• [Raw data]:

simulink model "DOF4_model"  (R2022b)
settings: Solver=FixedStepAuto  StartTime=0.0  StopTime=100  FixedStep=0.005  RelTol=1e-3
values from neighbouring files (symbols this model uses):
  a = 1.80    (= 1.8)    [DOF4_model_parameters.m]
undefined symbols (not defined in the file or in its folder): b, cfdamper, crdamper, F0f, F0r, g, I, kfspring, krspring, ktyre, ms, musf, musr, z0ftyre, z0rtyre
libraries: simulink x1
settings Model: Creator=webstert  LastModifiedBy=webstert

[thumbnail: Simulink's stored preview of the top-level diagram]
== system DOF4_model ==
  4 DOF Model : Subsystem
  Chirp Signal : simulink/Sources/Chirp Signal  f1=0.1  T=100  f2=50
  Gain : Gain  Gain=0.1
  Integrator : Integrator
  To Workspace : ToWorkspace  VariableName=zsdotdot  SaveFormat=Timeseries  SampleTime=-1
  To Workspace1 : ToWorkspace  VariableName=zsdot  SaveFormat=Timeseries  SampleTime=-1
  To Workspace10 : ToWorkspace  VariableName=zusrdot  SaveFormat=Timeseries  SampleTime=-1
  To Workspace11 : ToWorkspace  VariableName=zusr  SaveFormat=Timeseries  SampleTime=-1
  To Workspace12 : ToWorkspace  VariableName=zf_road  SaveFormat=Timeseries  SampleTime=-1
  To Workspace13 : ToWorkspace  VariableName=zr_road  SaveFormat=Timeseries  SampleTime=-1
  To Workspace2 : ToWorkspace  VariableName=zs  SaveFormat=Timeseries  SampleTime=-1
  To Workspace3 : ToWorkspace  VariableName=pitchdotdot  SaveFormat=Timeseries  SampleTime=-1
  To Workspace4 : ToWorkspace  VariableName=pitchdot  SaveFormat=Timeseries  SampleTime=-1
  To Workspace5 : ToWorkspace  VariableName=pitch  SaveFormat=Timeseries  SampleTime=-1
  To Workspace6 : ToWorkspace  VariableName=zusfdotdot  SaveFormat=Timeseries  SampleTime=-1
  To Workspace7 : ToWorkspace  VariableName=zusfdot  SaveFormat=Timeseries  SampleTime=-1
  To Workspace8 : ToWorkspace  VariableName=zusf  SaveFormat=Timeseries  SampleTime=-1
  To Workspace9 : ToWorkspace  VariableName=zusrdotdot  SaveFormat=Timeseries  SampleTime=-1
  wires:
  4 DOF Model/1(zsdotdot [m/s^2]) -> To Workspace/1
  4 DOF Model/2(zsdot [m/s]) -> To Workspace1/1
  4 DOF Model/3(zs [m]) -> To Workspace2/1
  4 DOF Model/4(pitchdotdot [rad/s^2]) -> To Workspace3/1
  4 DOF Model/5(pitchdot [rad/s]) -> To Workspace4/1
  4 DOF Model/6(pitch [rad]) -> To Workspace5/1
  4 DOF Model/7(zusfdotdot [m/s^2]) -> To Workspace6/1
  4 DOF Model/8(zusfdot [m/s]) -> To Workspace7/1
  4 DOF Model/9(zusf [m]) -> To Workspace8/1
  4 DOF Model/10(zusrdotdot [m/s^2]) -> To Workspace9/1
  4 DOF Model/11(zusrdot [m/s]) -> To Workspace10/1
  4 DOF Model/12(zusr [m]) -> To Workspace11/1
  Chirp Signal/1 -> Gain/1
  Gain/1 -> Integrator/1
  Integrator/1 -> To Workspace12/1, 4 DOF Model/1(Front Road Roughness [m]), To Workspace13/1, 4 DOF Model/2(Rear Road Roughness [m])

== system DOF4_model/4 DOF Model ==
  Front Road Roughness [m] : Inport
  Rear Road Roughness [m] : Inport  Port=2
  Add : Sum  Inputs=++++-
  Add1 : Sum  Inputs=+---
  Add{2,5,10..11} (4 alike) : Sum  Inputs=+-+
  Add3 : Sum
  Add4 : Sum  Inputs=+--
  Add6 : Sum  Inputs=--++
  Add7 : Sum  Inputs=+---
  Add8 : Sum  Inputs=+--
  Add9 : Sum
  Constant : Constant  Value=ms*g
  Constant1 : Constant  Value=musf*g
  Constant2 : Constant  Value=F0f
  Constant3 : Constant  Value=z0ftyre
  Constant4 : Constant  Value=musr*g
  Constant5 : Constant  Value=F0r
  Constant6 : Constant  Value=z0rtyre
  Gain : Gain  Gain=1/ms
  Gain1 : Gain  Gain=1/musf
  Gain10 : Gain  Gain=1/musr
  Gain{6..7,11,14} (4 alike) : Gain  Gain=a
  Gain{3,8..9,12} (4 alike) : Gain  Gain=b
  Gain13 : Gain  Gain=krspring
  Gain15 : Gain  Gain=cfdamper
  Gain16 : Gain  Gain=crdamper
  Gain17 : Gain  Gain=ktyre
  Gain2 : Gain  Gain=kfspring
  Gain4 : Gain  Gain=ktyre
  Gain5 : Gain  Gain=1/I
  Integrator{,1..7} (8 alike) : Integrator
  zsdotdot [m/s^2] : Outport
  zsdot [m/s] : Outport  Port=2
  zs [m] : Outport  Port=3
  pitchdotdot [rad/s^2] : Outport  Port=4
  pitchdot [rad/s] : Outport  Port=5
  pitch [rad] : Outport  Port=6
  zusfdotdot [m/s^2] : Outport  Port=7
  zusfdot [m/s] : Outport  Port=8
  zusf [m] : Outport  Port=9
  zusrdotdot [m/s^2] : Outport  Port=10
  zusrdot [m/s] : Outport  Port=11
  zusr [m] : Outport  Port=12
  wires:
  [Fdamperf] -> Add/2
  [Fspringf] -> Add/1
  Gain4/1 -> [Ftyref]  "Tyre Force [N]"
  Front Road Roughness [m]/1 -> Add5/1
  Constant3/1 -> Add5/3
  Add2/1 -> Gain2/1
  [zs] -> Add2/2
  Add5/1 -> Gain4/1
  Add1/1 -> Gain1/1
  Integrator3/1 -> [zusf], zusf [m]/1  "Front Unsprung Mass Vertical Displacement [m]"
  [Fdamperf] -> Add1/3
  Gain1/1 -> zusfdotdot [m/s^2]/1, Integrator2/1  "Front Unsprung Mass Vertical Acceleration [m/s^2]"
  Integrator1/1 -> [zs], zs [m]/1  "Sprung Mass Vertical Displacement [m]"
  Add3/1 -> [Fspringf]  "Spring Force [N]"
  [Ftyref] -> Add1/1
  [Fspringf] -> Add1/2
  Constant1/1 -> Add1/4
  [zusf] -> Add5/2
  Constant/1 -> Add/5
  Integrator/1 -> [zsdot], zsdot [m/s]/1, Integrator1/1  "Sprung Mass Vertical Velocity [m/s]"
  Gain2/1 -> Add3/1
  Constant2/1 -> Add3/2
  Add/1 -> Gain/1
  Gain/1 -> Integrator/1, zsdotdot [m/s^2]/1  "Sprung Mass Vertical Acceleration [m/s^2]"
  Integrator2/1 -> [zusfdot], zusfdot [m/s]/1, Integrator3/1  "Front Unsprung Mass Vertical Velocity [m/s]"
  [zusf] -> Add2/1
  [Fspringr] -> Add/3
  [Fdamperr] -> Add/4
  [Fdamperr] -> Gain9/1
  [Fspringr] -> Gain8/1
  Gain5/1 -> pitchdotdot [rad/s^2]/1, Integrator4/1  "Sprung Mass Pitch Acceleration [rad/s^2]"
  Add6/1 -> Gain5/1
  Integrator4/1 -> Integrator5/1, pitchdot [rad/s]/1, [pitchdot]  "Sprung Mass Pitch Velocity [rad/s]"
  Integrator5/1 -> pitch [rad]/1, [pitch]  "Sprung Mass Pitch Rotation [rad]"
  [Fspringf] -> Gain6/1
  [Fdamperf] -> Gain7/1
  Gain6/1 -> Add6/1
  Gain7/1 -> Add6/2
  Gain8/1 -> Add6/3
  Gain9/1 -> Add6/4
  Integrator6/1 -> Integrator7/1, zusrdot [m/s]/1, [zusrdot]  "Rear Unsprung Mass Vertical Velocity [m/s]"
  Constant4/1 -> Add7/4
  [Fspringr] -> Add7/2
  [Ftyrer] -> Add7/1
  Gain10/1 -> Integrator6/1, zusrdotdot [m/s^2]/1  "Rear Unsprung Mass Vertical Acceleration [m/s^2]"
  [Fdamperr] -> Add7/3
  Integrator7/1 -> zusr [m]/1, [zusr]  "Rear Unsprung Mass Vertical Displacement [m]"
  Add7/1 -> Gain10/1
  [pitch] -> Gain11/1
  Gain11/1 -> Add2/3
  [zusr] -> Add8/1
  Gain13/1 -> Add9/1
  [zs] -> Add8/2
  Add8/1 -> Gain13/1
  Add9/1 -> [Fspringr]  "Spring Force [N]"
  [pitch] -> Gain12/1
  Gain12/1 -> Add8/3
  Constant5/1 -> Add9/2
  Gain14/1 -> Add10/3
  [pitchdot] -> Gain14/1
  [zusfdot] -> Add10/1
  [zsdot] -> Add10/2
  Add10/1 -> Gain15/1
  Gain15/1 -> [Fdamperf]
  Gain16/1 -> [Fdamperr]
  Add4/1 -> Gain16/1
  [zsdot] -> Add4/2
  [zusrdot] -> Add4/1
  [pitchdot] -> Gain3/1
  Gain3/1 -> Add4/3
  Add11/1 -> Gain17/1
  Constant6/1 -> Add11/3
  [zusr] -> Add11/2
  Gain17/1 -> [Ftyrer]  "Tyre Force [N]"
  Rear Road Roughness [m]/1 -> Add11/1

• [What you should do]:
Your answer must consist solely of the lines from the top of the entries above through the line containing "settings Model: Creator=webstert", copied exactly, both ends included.

• [Task output]:
simulink model "DOF4_model"  (R2022b)
settings: Solver=FixedStepAuto  StartTime=0.0  StopTime=100  FixedStep=0.005  RelTol=1e-3
values from neighbouring files (symbols this model uses):
  a = 1.80    (= 1.8)    [DOF4_model_parameters.m]
undefined symbols (not defined in the file or in its folder): b, cfdamper, crdamper, F0f, F0r, g, I, kfspring, krspring, ktyre, ms, musf, musr, z0ftyre, z0rtyre
libraries: simulink x1
settings Model: Creator=webstert  LastModifiedBy=webstert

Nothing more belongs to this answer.